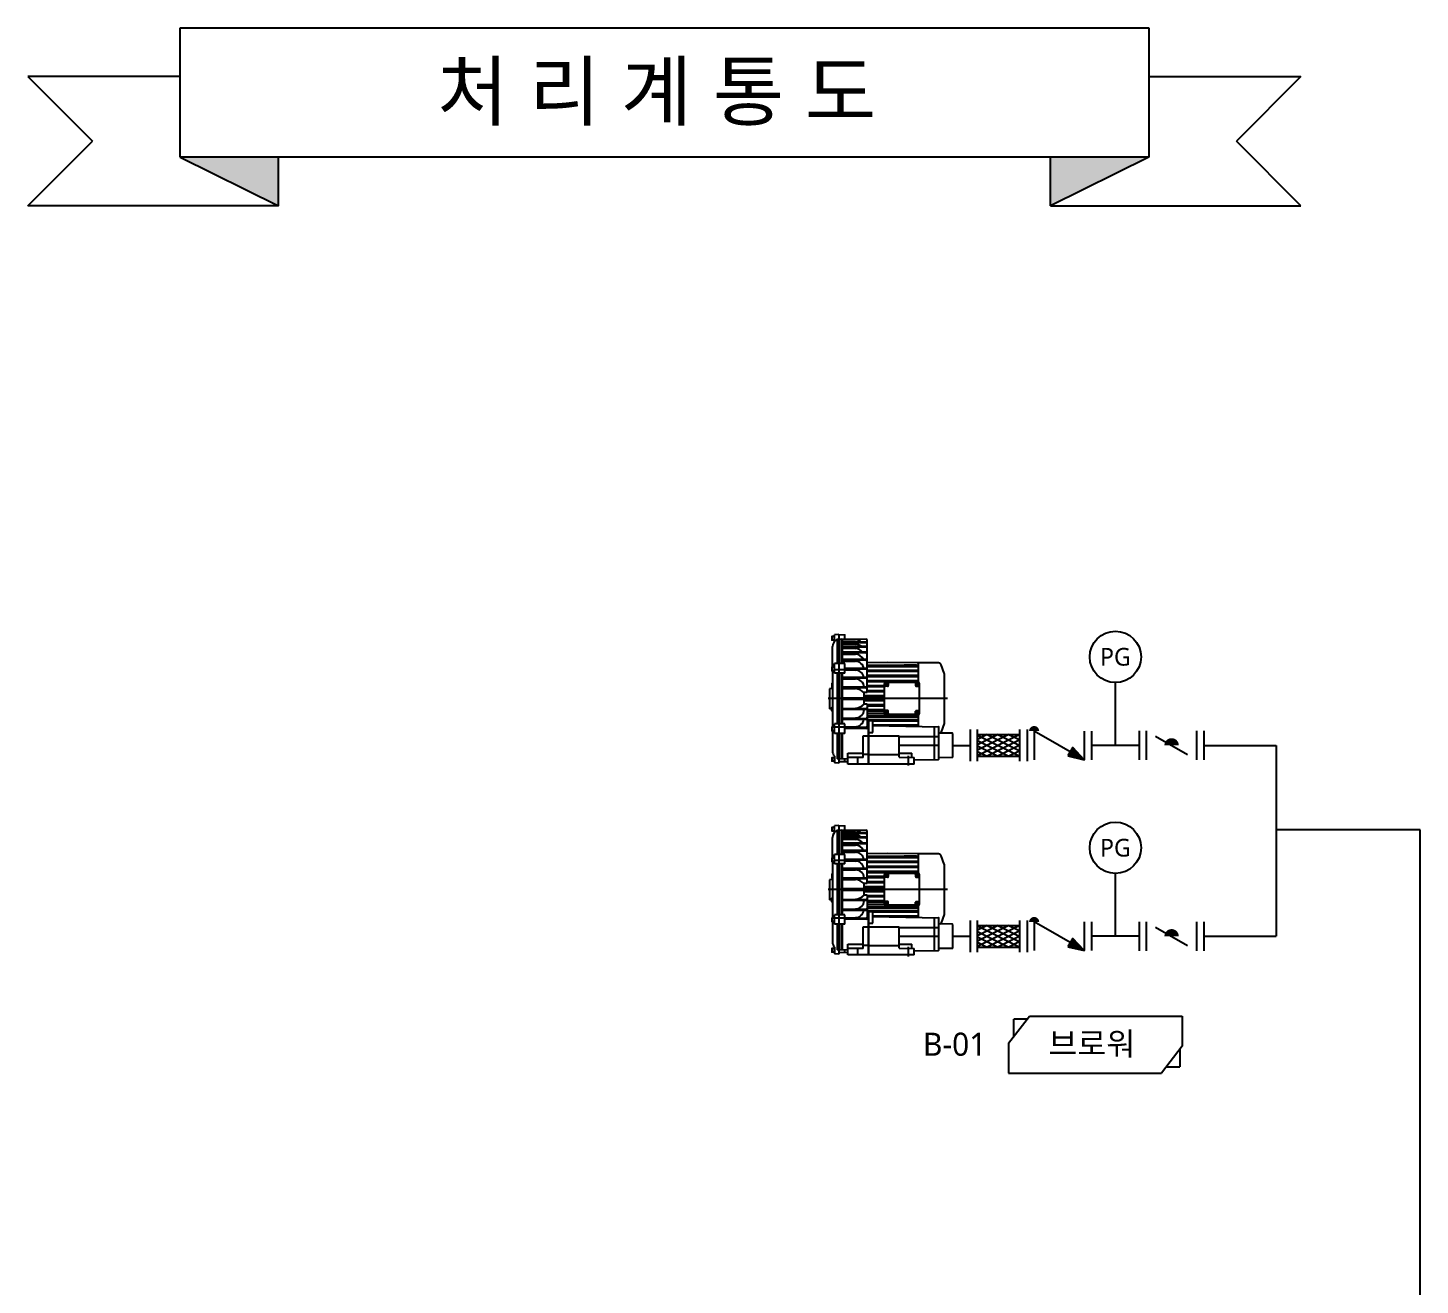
# Model space of a CAD drawing. Header units: millimetres. Extents: x 169673 to 334584, y 156879 to 224061.
# Drawn here: x 180244 to 186602, y 168847 to 174588 of the extents above; entities that cross this region are included whole.
import ezdxf
from ezdxf.enums import TextEntityAlignment as Align

# ---------------------------------------------------------------- set-up
doc = ezdxf.new("R2010")
doc.units = ezdxf.units.MM
doc.header["$LTSCALE"] = 40
doc.header["$MEASUREMENT"] = 0
doc.layers.get('0').update_dxf_attribs({"linetype": 'CONTINUOUS'})
for name, color, linetype in [('A-XXXX-TXT2', 3, 'CONTINUOUS'), ('WL', 5, 'CONTINUOUS'), ('장비', 5, 'CONTINUOUS'), ('해성', 4, 'CONTINUOUS')]:
    doc.layers.add(name, color=color, linetype=linetype)
doc.styles.add('돋움', font='')
doc.styles.add('맑은 고딕', font='malgun.ttf')
doc.styles.get('돋움').set_extended_font_data('Dotum')

msp = doc.modelspace()

# ---------------------------------------------------------------- hatches: boundary and pattern name
at = {"layer": '해성'}
h = msp.add_hatch(color=256, dxfattribs=at)
h.paths.add_polyline_path([(180939.2, 173998.1), (181388.4, 173775.6), (181388.4, 173998.1)])
h.paths.add_polyline_path([(185362.4, 173998.1), (184913.2, 173998.1), (184913.2, 173775.6)])

# ---------------------------------------------------------------- linework, layer by layer
at = {"color": 3}
for p, q in [((184722.4, 169951.7, 0), (184817.4, 170075.3, 0)), ((184817.4, 170075.3, 0), (185515.2, 170075.3, 0)), ((185515.2, 170075.3, 0), (185515.2, 169938.4, 0)), ((184807.4, 170062.2, 0), (184746.9, 170062.2, 0)), ((184746.9, 169983.6, 0), (184746.9, 170062.2, 0)), ((184722.4, 169951.7, 0), (184722.4, 169814.9, 0)), ((185515.2, 169938.4, 0), (185420.2, 169814.9, 0)), ((185504, 169923.8, 0), (185504, 169843.8, 0)), ((185442.4, 169843.8, 0), (185504, 169843.8, 0)), ((184722.4, 169814.9, 0), (185420.2, 169814.9, 0))]:
    msp.add_line(p, q, dxfattribs=at)
at = {"layer": 'WL'}
for p, q in [((185210.1, 171311.9, 0), (185210.1, 171598.8, 0)), ((184547.3, 171383.7, 0), (184547.3, 171240, 0)), ((184580, 171240, 0), (184580, 171383.7, 0)), ((184624.7, 171361.5, 0), (184580, 171339.2, 0)), ((184674.3, 171361.5, 0), (184580, 171314.4, 0)), ((184723.9, 171361.5, 0), (184580, 171289.6, 0)), ((184773.5, 171361.5, 0), (184580, 171264.8, 0)), ((184580, 171361.5, 0), (184773.8, 171361.5, 0)), ((184580, 171358.9, 0), (184773.5, 171262.2, 0)), ((184624.4, 171361.5, 0), (184773.8, 171286.8, 0)), ((184674, 171361.5, 0), (184773.8, 171311.6, 0)), ((184723.6, 171361.5, 0), (184773.8, 171336.4, 0)), ((184773.2, 171361.5, 0), (184773.8, 171361.2, 0)), ((184773.8, 171240, 0), (184773.8, 171383.7, 0)), ((184806.6, 171383.7, 0), (184806.6, 171240, 0)), ((185068.3, 171246.4, 0), (184839.3, 171377.3, 0)), ((184839.3, 171377.3, 0), (184839.3, 171246.4, 0)), ((185068.3, 171377.3, 0), (185068.3, 171246.4, 0)), ((185101, 171377.3, 0), (185101, 171246.4, 0)), ((185319.1, 171377.6, 0), (185319.1, 171246.2, 0)), ((185351.8, 171246.2, 0), (185351.8, 171377.6, 0)), ((185393.4, 171353.8, 0), (185540.2, 171269.9, 0)), ((185581.8, 171246.2, 0), (185581.8, 171377.6, 0)), ((185614.5, 171377.6, 0), (185614.5, 171246.2, 0)), ((184467.4, 171311.9, 0), (184547.3, 171311.9, 0)), ((184580, 171334.1, 0), (184723.9, 171262.2, 0)), ((184580, 171309.3, 0), (184674.3, 171262.2, 0)), ((184580, 171284.5, 0), (184624.7, 171262.2, 0)), ((184773.8, 171336.9, 0), (184624.4, 171262.2, 0)), ((184773.8, 171312.1, 0), (184674, 171262.2, 0)), ((184773.8, 171287.3, 0), (184723.6, 171262.2, 0)), ((185319.1, 171311.9, 0), (185101, 171311.9, 0)), ((185614.5, 171311.9, 0), (185943.9, 171311.9, 0)), ((185943.9, 171311.9, 0), (185943.9, 170440.2, 0)), ((184580, 171262.2, 0), (184773.8, 171262.2, 0)), ((184773.8, 171262.5, 0), (184773.2, 171262.2, 0)), ((186601.9, 166203.5), (186601.9, 170925.5)), ((185210.1, 170440.2, 0), (185210.1, 170727.2, 0)), ((184547.3, 170512, 0), (184547.3, 170368.3, 0)), ((184580, 170368.3, 0), (184580, 170512, 0)), ((184624.7, 170489.9, 0), (184580, 170467.5, 0)), ((184674.3, 170489.9, 0), (184580, 170442.7, 0)), ((184723.9, 170489.9, 0), (184580, 170417.9, 0)), ((184773.5, 170489.9, 0), (184580, 170393.1, 0)), ((184580, 170489.9, 0), (184773.8, 170489.9, 0)), ((184580, 170487.3, 0), (184773.5, 170390.5, 0)), ((184580, 170462.5, 0), (184723.9, 170390.5, 0)), ((184624.4, 170489.9, 0), (184773.8, 170415.1, 0)), ((184773.8, 170465.2, 0), (184624.4, 170390.5, 0)), ((184674, 170489.9, 0), (184773.8, 170439.9, 0)), ((184723.6, 170489.9, 0), (184773.8, 170464.7, 0)), ((184773.2, 170489.9, 0), (184773.8, 170489.5, 0)), ((184773.8, 170368.3, 0), (184773.8, 170512, 0)), ((184806.6, 170512, 0), (184806.6, 170368.3, 0)), ((185068.3, 170374.8, 0), (184839.3, 170505.6, 0)), ((184839.3, 170505.6, 0), (184839.3, 170374.8, 0)), ((185068.3, 170505.6, 0), (185068.3, 170374.8, 0)), ((185101, 170505.6, 0), (185101, 170374.8, 0)), ((185319.1, 170505.9, 0), (185319.1, 170374.5, 0)), ((185351.8, 170374.5, 0), (185351.8, 170505.9, 0)), ((185393.4, 170482.1, 0), (185540.2, 170398.3, 0)), ((185581.8, 170374.5, 0), (185581.8, 170505.9, 0)), ((185614.5, 170505.9, 0), (185614.5, 170374.5, 0)), ((184467.4, 170440.2, 0), (184547.3, 170440.2, 0)), ((184580, 170437.7, 0), (184674.3, 170390.5, 0)), ((184580, 170412.9, 0), (184624.7, 170390.5, 0)), ((184773.8, 170440.5, 0), (184674, 170390.5, 0)), ((184773.8, 170415.7, 0), (184723.6, 170390.5, 0)), ((185319.1, 170440.2, 0), (185101, 170440.2, 0)), ((185614.5, 170440.2, 0), (185943.9, 170440.2, 0)), ((184580, 170390.5, 0), (184773.8, 170390.5, 0)), ((184773.8, 170390.9, 0), (184773.2, 170390.5, 0))]:
    msp.add_line(p, q, dxfattribs=at)
at = {"layer": 'WL', "elevation": 0}
for points in [[(184827.2, 171377.3, 21.8, 21.8, -1), (184851.3, 171377.3, 0, 0, 0)], [(184827.2, 170505.6, 21.8, 21.8, -1), (184851.3, 170505.6, 0, 0, 0)]]:
    msp.add_lwpolyline(points, format="xyseb", dxfattribs=at)
at = {"layer": 'WL', "const_width": 31.2, "elevation": 0}
for points in [[(185449.6, 171311.9, -1), (185484, 171311.9, -1)], [(185449.6, 170440.2, -1), (185484, 170440.2, -1)]]:
    msp.add_lwpolyline(points, format="xyb", dxfattribs=at)
at = {"layer": 'WL', "elevation": 0}
for points in [[(184993.4, 171263.9), (185068.3, 171246.4), (185015.2, 171302.1), (184993.4, 171263.9)], [(184993.4, 170392.2), (185068.3, 170374.8), (185015.2, 170430.5), (184993.4, 170392.2)]]:
    msp.add_lwpolyline(points, dxfattribs=at)
at = {"layer": 'WL'}
msp.add_lwpolyline([(186601.9, 170925.5), (185943.9, 170925.5)], dxfattribs=at)
for centre in [(185210.1, 171715.9, 0), (185210.1, 170844.3, 0)]:
    msp.add_circle(centre, 117.1, dxfattribs=at)
for points in [[(185015.2, 171302.1, 0), (184993.4, 171263.9, 0), (185068.3, 171246.4, 0)], [(185015.2, 170430.5, 0), (184993.4, 170392.2, 0), (185068.3, 170374.8, 0)]]:
    msp.add_solid(points, dxfattribs=at)
at = {"layer": '장비'}
for p, q in [((183915.6, 171808.8, 0), (183915.6, 171792.7, 0)), ((183927.2, 171809, 0), (183915.8, 171809, 0)), ((183927.2, 171792.5, 0), (183915.8, 171792.5, 0)), ((183925.5, 171808.8, 0), (183925.5, 171792.7, 0)), ((183947, 171817.3, 0), (183947, 171230.8, 0)), ((183915.6, 171668.8, 0), (183915.6, 171652.8, 0)), ((183927.2, 171669.1, 0), (183915.8, 171669.1, 0)), ((183925.5, 171668.8, 0), (183925.5, 171652.8, 0)), ((184309.6, 171688, 0), (184309.6, 171598.8, 0)), ((184402.7, 171688, 0), (184309.8, 171688, 0)), ((184427.9, 171641, 0), (184415.3, 171679, 0)), ((184427.9, 171641, 0), (184415.3, 171679, 0)), ((183916.3, 171652.6, 0), (183915.6, 171653.3, 0)), ((183927.2, 171652.6, 0), (183915.8, 171652.6, 0)), ((183918.4, 171652.6, 0), (183918.4, 171395.3, 0)), ((183904.9, 171569.9, 0), (183904.9, 171478.1, 0)), ((183914.8, 171594.5, 0), (183914.8, 171578.5, 0)), ((183918.4, 171594.8, 0), (183915.1, 171594.8, 0)), ((183918.4, 171578.3, 0), (183915.1, 171578.3, 0)), ((184310.4, 171598.8, 0), (184160.1, 171598.8, 0)), ((183914.8, 171469.2, 0), (183914.8, 171485.3, 0)), ((183918.4, 171485.5, 0), (183915.1, 171485.5, 0)), ((183918.4, 171469, 0), (183915.1, 171469, 0)), ((184310.4, 171453.4, 0), (184160.1, 171453.4, 0)), ((184427.9, 171411.2, 0), (184415.3, 171373.2, 0)), ((183915.6, 171395, 0), (183915.6, 171379, 0)), ((183927.2, 171395.3, 0), (183915.8, 171395.3, 0)), ((183927.2, 171378.8, 0), (183915.8, 171378.8, 0)), ((183918.4, 171378.8, 0), (183918.4, 171284.8, 0)), ((183925.5, 171395, 0), (183925.5, 171379, 0)), ((184465.7, 171367.6, 0), (184406.2, 171368, 0)), ((184465.7, 171367.6, 0), (184406.2, 171368, 0)), ((183915.6, 171255.3, 0), (183915.6, 171239.3, 0)), ((183927.2, 171255.5, 0), (183915.8, 171255.5, 0)), ((183927.2, 171239, 0), (183915.8, 171239, 0)), ((183925.5, 171255.3, 0), (183925.5, 171239.3, 0)), ((184290.6, 171226.6, 0), (183988.3, 171226.6, 0)), ((184465.7, 171256.2, 0), (184406.2, 171255.7, 0)), ((183915.6, 170937.1, 0), (183915.6, 170921.1, 0)), ((183927.2, 170937.3, 0), (183915.8, 170937.3, 0)), ((183927.2, 170920.8, 0), (183915.8, 170920.8, 0)), ((183925.5, 170937.1, 0), (183925.5, 170921.1, 0)), ((183947, 170945.6, 0), (183947, 170359.1, 0)), ((183915.6, 170797.2, 0), (183915.6, 170781.1, 0)), ((183916.3, 170780.9, 0), (183915.6, 170781.6, 0)), ((183927.2, 170797.4, 0), (183915.8, 170797.4, 0)), ((183927.2, 170780.9, 0), (183915.8, 170780.9, 0)), ((183918.4, 170780.9, 0), (183918.4, 170523.6, 0)), ((183925.5, 170797.2, 0), (183925.5, 170781.1, 0)), ((184309.6, 170816.3, 0), (184309.6, 170727.1, 0)), ((184402.7, 170816.3, 0), (184309.8, 170816.3, 0)), ((184427.9, 170769.4, 0), (184415.3, 170807.3, 0)), ((184427.9, 170769.4, 0), (184415.3, 170807.3, 0)), ((183914.8, 170722.9, 0), (183914.8, 170706.8, 0)), ((183918.4, 170723.1, 0), (183915.1, 170723.1, 0)), ((184310.4, 170727.1, 0), (184160.1, 170727.1, 0)), ((183904.9, 170698.2, 0), (183904.9, 170606.4, 0)), ((183918.4, 170706.6, 0), (183915.1, 170706.6, 0)), ((183914.8, 170597.6, 0), (183914.8, 170613.6, 0)), ((183918.4, 170613.8, 0), (183915.1, 170613.8, 0)), ((183918.4, 170597.3, 0), (183915.1, 170597.3, 0)), ((184310.4, 170581.7, 0), (184160.1, 170581.7, 0)), ((183915.6, 170523.4, 0), (183915.6, 170507.3, 0)), ((183927.2, 170523.6, 0), (183915.8, 170523.6, 0)), ((183925.5, 170523.4, 0), (183925.5, 170507.3, 0)), ((184427.9, 170539.5, 0), (184415.3, 170501.5, 0)), ((183927.2, 170507.1, 0), (183915.8, 170507.1, 0)), ((183918.4, 170507.1, 0), (183918.4, 170413.1, 0)), ((184465.7, 170495.9, 0), (184406.2, 170496.4, 0)), ((184465.7, 170495.9, 0), (184406.2, 170496.4, 0)), ((183915.6, 170383.6, 0), (183915.6, 170367.6, 0)), ((183927.2, 170383.9, 0), (183915.8, 170383.9, 0)), ((183927.2, 170367.4, 0), (183915.8, 170367.4, 0)), ((183925.5, 170383.6, 0), (183925.5, 170367.6, 0)), ((184290.6, 170355, 0), (183988.3, 170355, 0)), ((184465.7, 170384.5, 0), (184406.2, 170384, 0))]:
    msp.add_line(p, q, dxfattribs=at)
at = {"layer": '장비', "elevation": 0}
for points in [[(183947, 171817.3), (183927.2, 171816.7)], [(183927.2, 171785.3), (183927.2, 171816.7)], [(183939.3, 171793.4), (183941.2, 171798.3)], [(183939.3, 171793.4), (183939.3, 171685.7)], [(183941.2, 171798.3), (183941.2, 171685.7)], [(183941.2, 171798.3), (184072.1, 171796.9)], [(183947, 171817.3), (183974.3, 171816.5)], [(183958.5, 171798.1), (183961.8, 171795.3)], [(183958.5, 171798.1), (183958.5, 171685.7)], [(183961.8, 171795.3), (183961.8, 171783.8)], [(183961.8, 171795.3), (184022.9, 171794.6)], [(183975.1, 171798), (183975.1, 171815.6)], [(184077, 171552.7), (184077, 171792)], [(183918.4, 171669.1), (183918.4, 171763.2)], [(184072, 171783.8), (183958.5, 171783.8)], [(184072, 171780.5), (183958.5, 171780.5)], [(183961.8, 171775), (183958.5, 171780.5)], [(184072, 171764), (183958.5, 171764)], [(184072, 171760.7), (183958.5, 171760.7)], [(183961.8, 171755), (183958.5, 171760.7)], [(184072, 171736.9), (183958.5, 171736.9)], [(184072, 171733.6), (183958.5, 171733.6)], [(183961.8, 171728.6), (183958.5, 171733.6)], [(183961.8, 171775), (184022.9, 171774.3)], [(183961.8, 171775), (183961.8, 171764)], [(183961.8, 171755), (184022.9, 171754.3)], [(183961.8, 171755), (183961.8, 171736.9)], [(183961.8, 171728.6), (184022.9, 171727.9)], [(183961.8, 171728.6), (183961.8, 171703.5)], [(183975.1, 171685.7), (183927.2, 171685.7)], [(183927.2, 171642.1), (183927.2, 171685.7)], [(184072, 171703.5), (183958.5, 171703.5)], [(184072, 171700.2), (183958.5, 171700.2)], [(183961.8, 171696.3), (183958.5, 171700.2)], [(183961.8, 171696.3), (184022.9, 171695.6)], [(183961.8, 171696.3), (183961.8, 171685.7)], [(183975.1, 171642.1), (183975.1, 171685.7)], [(184072, 171662.8), (183975.1, 171662.8)], [(184170.8, 171690.5), (184077, 171688.8)], [(184077, 171678.1), (184304.7, 171678.1)], [(184077, 171676.4), (184304.7, 171676.4)], [(184170.8, 171670.7), (184077, 171669)], [(184309.6, 171688), (184170.8, 171690.5)], [(184309.6, 171668.2), (184170.8, 171670.7)], [(184301.3, 171678.1), (184245.2, 171678.1)], [(184304.7, 171678.1), (184304.7, 171668.3)], [(184309.8, 171686.3), (184309.8, 171688)], [(183975.1, 171657.3), (183927.2, 171657.3)], [(183975.1, 171642.1), (183927.2, 171642.1)], [(183939.3, 171642.1), (183939.3, 171410.1)], [(183941.2, 171642.1), (183941.2, 171410.1)], [(183958.5, 171642.1), (183958.5, 171410.1)], [(184072, 171622.1), (183958.5, 171622.1)], [(184072, 171618.8), (183958.5, 171618.8)], [(183961.8, 171615.9), (183958.5, 171618.8)], [(183961.8, 171642.1), (183961.8, 171622.1)], [(183961.8, 171615.9), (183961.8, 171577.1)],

# # # # # # #

§ **AIM OF THE TASK**
Which lines in the records above contain the string "name"? Copy them.

§ **EXERCISE RESPONSE**
for name, color, linetype in [('A-XXXX-TXT2', 3, 'CONTINUOUS'), ('WL', 5, 'CONTINUOUS'), ('장비', 5, 'CONTINUOUS'), ('해성', 4, 'CONTINUOUS')]:
    doc.layers.add(name, color=color, linetype=linetype)
# ---------------------------------------------------------------- hatches: boundary and pattern name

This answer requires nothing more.